É nas crises que se avalia a qualidade dos líderes políticos. Lugo não passou pelo crivo da crise. O estadista paraguaio reagiu de modo ambíguo ao "impeachment expresso". Após o voto da Câmara, disse que respeitaria a deliberação final, do Senado, e enviou advogados para fazer a sua defesa. Depois de tudo, pronunciou um discurso de despedida no qual afirmou que a democracia paraguaia foi "golpeada" - e retirou-se sugerindo que apoiaria "protestos pacíficos" contra a decisão. A oscilação confundiu seus partidários - mas, de qualquer modo, apenas 5 mil pessoas protestavam em Assunção. 

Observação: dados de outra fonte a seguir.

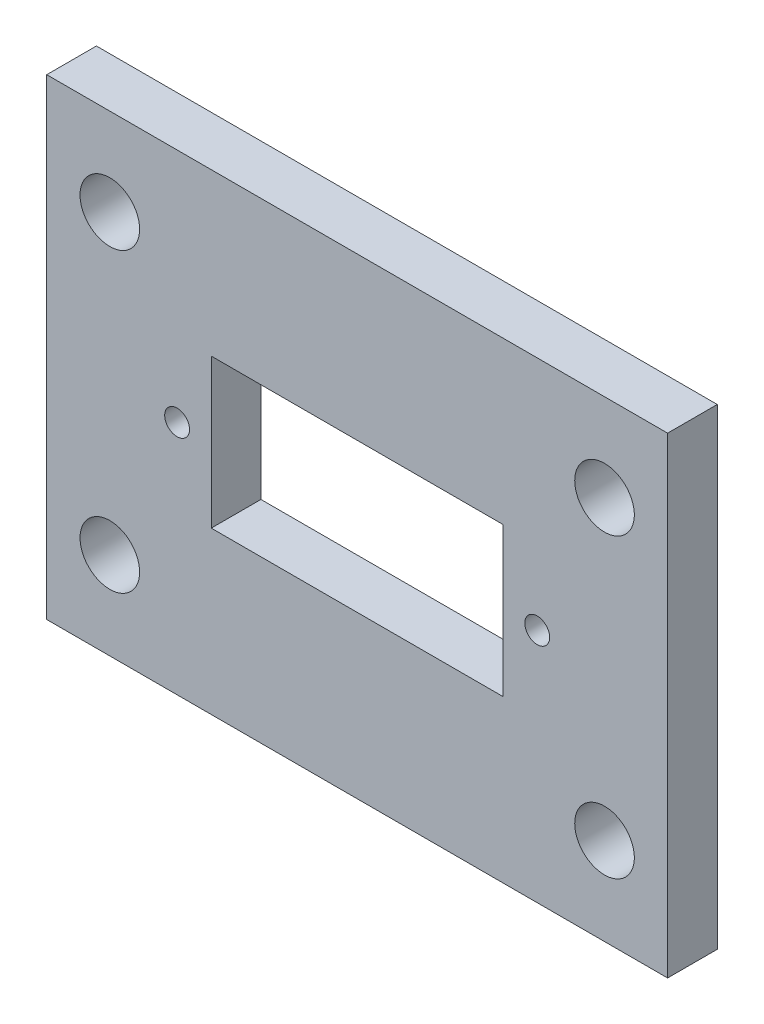
ISO-10303-21;
HEADER;
FILE_DESCRIPTION(('STEP AP214'),'2;1');
FILE_NAME('part.step','',(''),(''),'','','');
FILE_SCHEMA(('AUTOMOTIVE_DESIGN { 1 0 10303 214 1 1 1 1 }'));
ENDSEC;
DATA;
#1=APPLICATION_CONTEXT('core data for automotive mechanical design processes');
#2=APPLICATION_PROTOCOL_DEFINITION('international standard','automotive_design',2000,#1);
#3=PRODUCT_CONTEXT('',#1,'mechanical');
#4=PRODUCT('Part','Part','',(#3));
#5=PRODUCT_RELATED_PRODUCT_CATEGORY('part','',(#4));
#6=PRODUCT_DEFINITION_FORMATION('','',#4);
#7=PRODUCT_DEFINITION_CONTEXT('part definition',#1,'design');
#8=PRODUCT_DEFINITION('design','',#6,#7);
#9=PRODUCT_DEFINITION_SHAPE('','',#8);
#10=(LENGTH_UNIT() NAMED_UNIT(*) SI_UNIT(.MILLI.,.METRE.));
#11=(NAMED_UNIT(*) PLANE_ANGLE_UNIT() SI_UNIT($,.RADIAN.));
#12=(NAMED_UNIT(*) SI_UNIT($,.STERADIAN.) SOLID_ANGLE_UNIT());
#13=UNCERTAINTY_MEASURE_WITH_UNIT(LENGTH_MEASURE(1.E-05),#10,'distance_accuracy_value','');
#14=(GEOMETRIC_REPRESENTATION_CONTEXT(3) GLOBAL_UNCERTAINTY_ASSIGNED_CONTEXT((#13)) GLOBAL_UNIT_ASSIGNED_CONTEXT((#10,
#11,#12)) REPRESENTATION_CONTEXT('',''));
#15=CARTESIAN_POINT('',(0.,0.,0.));
#16=DIRECTION('',(0.,0.,1.));
#17=DIRECTION('',(1.,0.,0.));
#18=AXIS2_PLACEMENT_3D('',#15,#16,#17);
#19=CARTESIAN_POINT('',(0.,0.,4.));
#20=DIRECTION('',(0.,0.,1.));
#21=DIRECTION('',(1.,0.,0.));
#22=AXIS2_PLACEMENT_3D('',#19,#20,#21);
#23=PLANE('',#22);
#24=CARTESIAN_POINT('',(14.5,-19.,4.));
#25=DIRECTION('',(0.,0.,1.));
#26=DIRECTION('',(1.,0.,0.));
#27=AXIS2_PLACEMENT_3D('',#24,#25,#26);
#28=CIRCLE('',#27,1.);
#29=CARTESIAN_POINT('',(15.5,-19.,4.));
#30=VERTEX_POINT('',#29);
#31=EDGE_CURVE('E423',#30,#30,#28,.T.);
#32=ORIENTED_EDGE('',*,*,#31,.F.);
#33=EDGE_LOOP('',(#32));
#34=FACE_BOUND('',#33,.T.);
#35=CARTESIAN_POINT('',(-14.5,-19.,4.));
#36=DIRECTION('',(0.,0.,1.));
#37=DIRECTION('',(1.,0.,0.));
#38=AXIS2_PLACEMENT_3D('',#35,#36,#37);
#39=CIRCLE('',#38,1.);
#40=CARTESIAN_POINT('',(-13.5,-19.,4.));
#41=VERTEX_POINT('',#40);
#42=EDGE_CURVE('E427',#41,#41,#39,.T.);
#43=ORIENTED_EDGE('',*,*,#42,.F.);
#44=EDGE_LOOP('',(#43));
#45=FACE_BOUND('',#44,.T.);
#46=CARTESIAN_POINT('',(19.92,-30.955,4.));
#47=DIRECTION('',(0.,0.,-1.));
#48=DIRECTION('',(-1.,0.,0.));
#49=AXIS2_PLACEMENT_3D('',#46,#47,#48);
#50=CIRCLE('',#49,2.4);
#51=CARTESIAN_POINT('',(17.52,-30.955,4.));
#52=VERTEX_POINT('',#51);
#53=EDGE_CURVE('E437',#52,#52,#50,.T.);
#54=ORIENTED_EDGE('',*,*,#53,.T.);
#55=EDGE_LOOP('',(#54));
#56=FACE_BOUND('',#55,.T.);
#57=CARTESIAN_POINT('',(19.92,-7.045,4.));
#58=DIRECTION('',(0.,0.,-1.));
#59=DIRECTION('',(-1.,0.,0.));
#60=AXIS2_PLACEMENT_3D('',#57,#58,#59);
#61=CIRCLE('',#60,2.4);
#62=CARTESIAN_POINT('',(17.52,-7.045,4.));
#63=VERTEX_POINT('',#62);
#64=EDGE_CURVE('E208',#63,#63,#61,.T.);
#65=ORIENTED_EDGE('',*,*,#64,.T.);
#66=EDGE_LOOP('',(#65));
#67=FACE_BOUND('',#66,.T.);
#68=CARTESIAN_POINT('',(-19.92,-7.045,4.));
#69=DIRECTION('',(0.,0.,1.));
#70=DIRECTION('',(1.,0.,0.));
#71=AXIS2_PLACEMENT_3D('',#68,#69,#70);
#72=CIRCLE('',#71,2.4);
#73=CARTESIAN_POINT('',(-17.52,-7.045,4.));
#74=VERTEX_POINT('',#73);
#75=EDGE_CURVE('E225',#74,#74,#72,.T.);
#76=ORIENTED_EDGE('',*,*,#75,.F.);
#77=EDGE_LOOP('',(#76));
#78=FACE_BOUND('',#77,.T.);
#79=DIRECTION('',(0.,-1.,0.));
#80=VECTOR('',#79,1.);
#81=CARTESIAN_POINT('',(-25.,0.,4.));
#82=LINE('',#81,#80);
#83=CARTESIAN_POINT('',(-25.,0.,4.));
#84=VERTEX_POINT('',#83);
#85=CARTESIAN_POINT('',(-25.,-38.,4.));
#86=VERTEX_POINT('',#85);
#87=EDGE_CURVE('E231',#84,#86,#82,.T.);
#88=ORIENTED_EDGE('',*,*,#87,.T.);
#89=DIRECTION('',(1.,0.,0.));
#90=VECTOR('',#89,1.);
#91=CARTESIAN_POINT('',(-25.,-38.,4.));
#92=LINE('',#91,#90);
#93=CARTESIAN_POINT('',(25.,-38.,4.));
#94=VERTEX_POINT('',#93);
#95=EDGE_CURVE('E234',#86,#94,#92,.T.);
#96=ORIENTED_EDGE('',*,*,#95,.T.);
#97=DIRECTION('',(0.,-1.,0.));
#98=VECTOR('',#97,1.);
#99=CARTESIAN_POINT('',(25.,0.,4.));
#100=LINE('',#99,#98);
#101=CARTESIAN_POINT('',(25.,0.,4.));
#102=VERTEX_POINT('',#101);
#103=EDGE_CURVE('E237',#102,#94,#100,.T.);
#104=ORIENTED_EDGE('',*,*,#103,.F.);
#105=DIRECTION('',(1.,0.,0.));
#106=VECTOR('',#105,1.);
#107=CARTESIAN_POINT('',(-25.,0.,4.));
#108=LINE('',#107,#106);
#109=EDGE_CURVE('E240',#84,#102,#108,.T.);
#110=ORIENTED_EDGE('',*,*,#109,.F.);
#111=EDGE_LOOP('',(#88,#96,#104,#110));
#112=FACE_BOUND('',#111,.T.);
#113=CARTESIAN_POINT('',(-19.92,-30.955,4.));
#114=DIRECTION('',(0.,0.,1.));
#115=DIRECTION('',(1.,0.,0.));
#116=AXIS2_PLACEMENT_3D('',#113,#114,#115);
#117=CIRCLE('',#116,2.4);
#118=CARTESIAN_POINT('',(-17.52,-30.955,4.));
#119=VERTEX_POINT('',#118);
#120=EDGE_CURVE('E219',#119,#119,#117,.T.);
#121=ORIENTED_EDGE('',*,*,#120,.F.);
#122=EDGE_LOOP('',(#121));
#123=FACE_BOUND('',#122,.T.);
#124=DIRECTION('',(1.,0.,0.));
#125=VECTOR('',#124,1.);
#126=CARTESIAN_POINT('',(-11.75,-25.,4.));
#127=LINE('',#126,#125);
#128=CARTESIAN_POINT('',(-11.75,-25.,4.));
#129=VERTEX_POINT('',#128);
#130=CARTESIAN_POINT('',(11.75,-25.,4.));
#131=VERTEX_POINT('',#130);
#132=EDGE_CURVE('E191',#129,#131,#127,.T.);
#133=ORIENTED_EDGE('',*,*,#132,.F.);
#134=DIRECTION('',(0.,-1.,0.));
#135=VECTOR('',#134,1.);
#136=CARTESIAN_POINT('',(-11.75,-13.,4.));
#137=LINE('',#136,#135);
#138=CARTESIAN_POINT('',(-11.75,-13.,4.));
#139=VERTEX_POINT('',#138);
#140=EDGE_CURVE('E182',#139,#129,#137,.T.);
#141=ORIENTED_EDGE('',*,*,#140,.F.);
#142=DIRECTION('',(1.,0.,0.));
#143=VECTOR('',#142,1.);
#144=CARTESIAN_POINT('',(-11.75,-13.,4.));
#145=LINE('',#144,#143);
#146=CARTESIAN_POINT('',(11.75,-13.,4.));
#147=VERTEX_POINT('',#146);
#148=EDGE_CURVE('E202',#139,#147,#145,.T.);
#149=ORIENTED_EDGE('',*,*,#148,.T.);
#150=DIRECTION('',(0.,-1.,0.));
#151=VECTOR('',#150,1.);
#152=CARTESIAN_POINT('',(11.75,-13.,4.));
#153=LINE('',#152,#151);
#154=EDGE_CURVE('E132',#147,#131,#153,.T.);
#155=ORIENTED_EDGE('',*,*,#154,.T.);
#156=EDGE_LOOP('',(#133,#141,#149,#155));
#157=FACE_BOUND('',#156,.T.);
#158=ADVANCED_FACE('F117',(#34,#45,#56,#67,#78,#112,#123,#157),#23,.T.);
#159=CARTESIAN_POINT('',(0.,0.,0.));
#160=DIRECTION('',(0.,0.,1.));
#161=DIRECTION('',(1.,0.,0.));
#162=AXIS2_PLACEMENT_3D('',#159,#160,#161);
#163=PLANE('',#162);
#164=CARTESIAN_POINT('',(14.5,-19.,0.));
#165=DIRECTION('',(0.,0.,1.));
#166=DIRECTION('',(1.,0.,0.));
#167=AXIS2_PLACEMENT_3D('',#164,#165,#166);
#168=CIRCLE('',#167,1.);
#169=CARTESIAN_POINT('',(15.5,-19.,0.));
#170=VERTEX_POINT('',#169);
#171=EDGE_CURVE('E426',#170,#170,#168,.F.);
#172=ORIENTED_EDGE('',*,*,#171,.F.);
#173=EDGE_LOOP('',(#172));
#174=FACE_BOUND('',#173,.T.);
#175=CARTESIAN_POINT('',(-14.5,-19.,0.));
#176=DIRECTION('',(0.,0.,1.));
#177=DIRECTION('',(1.,0.,0.));
#178=AXIS2_PLACEMENT_3D('',#175,#176,#177);
#179=CIRCLE('',#178,1.);
#180=CARTESIAN_POINT('',(-13.5,-19.,0.));
#181=VERTEX_POINT('',#180);
#182=EDGE_CURVE('E430',#181,#181,#179,.F.);
#183=ORIENTED_EDGE('',*,*,#182,.F.);
#184=EDGE_LOOP('',(#183));
#185=FACE_BOUND('',#184,.T.);
#186=CARTESIAN_POINT('',(19.92,-30.955,0.));
#187=DIRECTION('',(0.,0.,-1.));
#188=DIRECTION('',(-1.,0.,0.));
#189=AXIS2_PLACEMENT_3D('',#186,#187,#188);
#190=CIRCLE('',#189,2.4);
#191=CARTESIAN_POINT('',(17.52,-30.955,0.));
#192=VERTEX_POINT('',#191);
#193=EDGE_CURVE('E436',#192,#192,#190,.T.);
#194=ORIENTED_EDGE('',*,*,#193,.F.);
#195=EDGE_LOOP('',(#194));
#196=FACE_BOUND('',#195,.T.);
#197=CARTESIAN_POINT('',(19.92,-7.045,0.));
#198=DIRECTION('',(0.,0.,-1.));
#199=DIRECTION('',(-1.,0.,0.));
#200=AXIS2_PLACEMENT_3D('',#197,#198,#199);
#201=CIRCLE('',#200,2.4);
#202=CARTESIAN_POINT('',(17.52,-7.045,0.));
#203=VERTEX_POINT('',#202);
#204=EDGE_CURVE('E440',#203,#203,#201,.T.);
#205=ORIENTED_EDGE('',*,*,#204,.F.);
#206=EDGE_LOOP('',(#205));
#207=FACE_BOUND('',#206,.T.);
#208=CARTESIAN_POINT('',(-19.92,-30.955,0.));
#209=DIRECTION('',(0.,0.,1.));
#210=DIRECTION('',(1.,0.,0.));
#211=AXIS2_PLACEMENT_3D('',#208,#209,#210);
#212=CIRCLE('',#211,2.4);
#213=CARTESIAN_POINT('',(-17.52,-30.955,0.));
#214=VERTEX_POINT('',#213);
#215=EDGE_CURVE('E198',#214,#214,#212,.T.);
#216=ORIENTED_EDGE('',*,*,#215,.T.);
#217=EDGE_LOOP('',(#216));
#218=FACE_BOUND('',#217,.T.);
#219=CARTESIAN_POINT('',(-19.92,-7.045,0.));
#220=DIRECTION('',(0.,0.,1.));
#221=DIRECTION('',(1.,0.,0.));
#222=AXIS2_PLACEMENT_3D('',#219,#220,#221);
#223=CIRCLE('',#222,2.4);
#224=CARTESIAN_POINT('',(-17.52,-7.045,0.));
#225=VERTEX_POINT('',#224);
#226=EDGE_CURVE('E222',#225,#225,#223,.T.);
#227=ORIENTED_EDGE('',*,*,#226,.T.);
#228=EDGE_LOOP('',(#227));
#229=FACE_BOUND('',#228,.T.);
#230=DIRECTION('',(0.,-1.,0.));
#231=VECTOR('',#230,1.);
#232=CARTESIAN_POINT('',(-25.,0.,0.));
#233=LINE('',#232,#231);
#234=CARTESIAN_POINT('',(-25.,0.,0.));
#235=VERTEX_POINT('',#234);
#236=CARTESIAN_POINT('',(-25.,-38.,0.));
#237=VERTEX_POINT('',#236);
#238=EDGE_CURVE('E228',#235,#237,#233,.T.);
#239=ORIENTED_EDGE('',*,*,#238,.F.);
#240=DIRECTION('',(1.,0.,0.));
#241=VECTOR('',#240,1.);
#242=CARTESIAN_POINT('',(-25.,0.,0.));
#243=LINE('',#242,#241);
#244=CARTESIAN_POINT('',(25.,0.,0.));
#245=VERTEX_POINT('',#244);
#246=EDGE_CURVE('E235',#235,#245,#243,.T.);
#247=ORIENTED_EDGE('',*,*,#246,.T.);
#248=DIRECTION('',(0.,-1.,0.));
#249=VECTOR('',#248,1.);
#250=CARTESIAN_POINT('',(25.,0.,0.));
#251=LINE('',#250,#249);
#252=CARTESIAN_POINT('',(25.,-38.,0.));
#253=VERTEX_POINT('',#252);
#254=EDGE_CURVE('E249',#245,#253,#251,.T.);
#255=ORIENTED_EDGE('',*,*,#254,.T.);
#256=DIRECTION('',(1.,0.,0.));
#257=VECTOR('',#256,1.);
#258=CARTESIAN_POINT('',(-25.,-38.,0.));
#259=LINE('',#258,#257);
#260=EDGE_CURVE('E246',#237,#253,#259,.T.);
#261=ORIENTED_EDGE('',*,*,#260,.F.);
#262=EDGE_LOOP('',(#239,#247,#255,#261));
#263=FACE_BOUND('',#262,.T.);
#264=DIRECTION('',(0.,-1.,0.));
#265=VECTOR('',#264,1.);
#266=CARTESIAN_POINT('',(-11.75,-13.,0.));
#267=LINE('',#266,#265);
#268=CARTESIAN_POINT('',(-11.75,-13.,0.));
#269=VERTEX_POINT('',#268);
#270=CARTESIAN_POINT('',(-11.75,-25.,0.));
#271=VERTEX_POINT('',#270);
#272=EDGE_CURVE('E140',#269,#271,#267,.T.);
#273=ORIENTED_EDGE('',*,*,#272,.T.);
#274=DIRECTION('',(1.,0.,0.));
#275=VECTOR('',#274,1.);
#276=CARTESIAN_POINT('',(-11.75,-25.,0.));
#277=LINE('',#276,#275);
#278=CARTESIAN_POINT('',(11.75,-25.,0.));
#279=VERTEX_POINT('',#278);
#280=EDGE_CURVE('E197',#271,#279,#277,.T.);
#281=ORIENTED_EDGE('',*,*,#280,.T.);
#282=DIRECTION('',(0.,-1.,0.));
#283=VECTOR('',#282,1.);
#284=CARTESIAN_POINT('',(11.75,-13.,0.));
#285=LINE('',#284,#283);
#286=CARTESIAN_POINT('',(11.75,-13.,0.));
#287=VERTEX_POINT('',#286);
#288=EDGE_CURVE('E210',#287,#279,#285,.T.);
#289=ORIENTED_EDGE('',*,*,#288,.F.);
#290=DIRECTION('',(1.,0.,0.));
#291=VECTOR('',#290,1.);
#292=CARTESIAN_POINT('',(-11.75,-13.,0.));
#293=LINE('',#292,#291);
#294=EDGE_CURVE('E192',#269,#287,#293,.T.);
#295=ORIENTED_EDGE('',*,*,#294,.F.);
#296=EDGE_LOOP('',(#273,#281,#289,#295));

O legalismo da maioria parlamentar foi manchado pela celeridade do processo: como registrou Lugo, seu afastamento demorou menos que o tempo de análise de um recurso contra multa de trânsito, destruindo o direito à defesa. Em editorial, O GLOBO minimizou a importância do caráter sumário do impeachment, enquanto o colunista Merval Pereira qualificou o diagnóstico de que se violou o "devido processo legal" como "questão de interpretação". Há algo de errado quando os princípios gerais do direito são tratados como adornos dispensáveis, quase fúteis. A violação permanente de tais princípios é o método empregado pelos governos de Vladimir Putin e de Hugo Chávez para, "legalmente", asfixiar as liberdades políticas e fraudar a democracia. Nota oportuna: na Rússia e na Venezuela, a cúpula do Judiciário também avaliza, docilmente, a "legalidade" dos atos dos donos do poder. 

O episódio paraguaio deve ser caracterizado como um golpe parlamentar vestido nos andrajos das leis de uma democracia oligárquica. A Constituição do país permite a deposição de um presidente com base em "acusações" de ordem exclusivamente política. O texto constitucional funciona como ferramenta crucial de controle do poder pela elite política tradicional, cuja representação é a maioria parlamentar. Há diferenças significativas entre a deposição de Lugo e a de Manuel Zelaya, em 2009. Contudo, no Paraguai, como em Honduras, o sistema de poder oligárquico faz do presidente eleito um mero despachante dos interesses da elite tradicional organizada no parlamento. 

Lugo era um presidente de esquerda, mas a esquerda jamais chegou ao poder no Paraguai. O governo do "bispo dos pobres" inscreve-se, como elemento de uma certa desordem, na transição paraguaia deflagrada pelo encerramento da ditadura de Alfredo Stroessner, em 1989. O regime ditatorial, que se estendeu por 35 anos, exprimia a hegemonia do partido Colorado. Na longa transição ainda em curso, a elite política molda um sistema pluripartidário de revezamento no poder. O componente dissonante é a emergência de movimentos sociais, especialmente dos sem-terra, num país de grandes propriedades rurais em trajetórias desiguais de modernização. 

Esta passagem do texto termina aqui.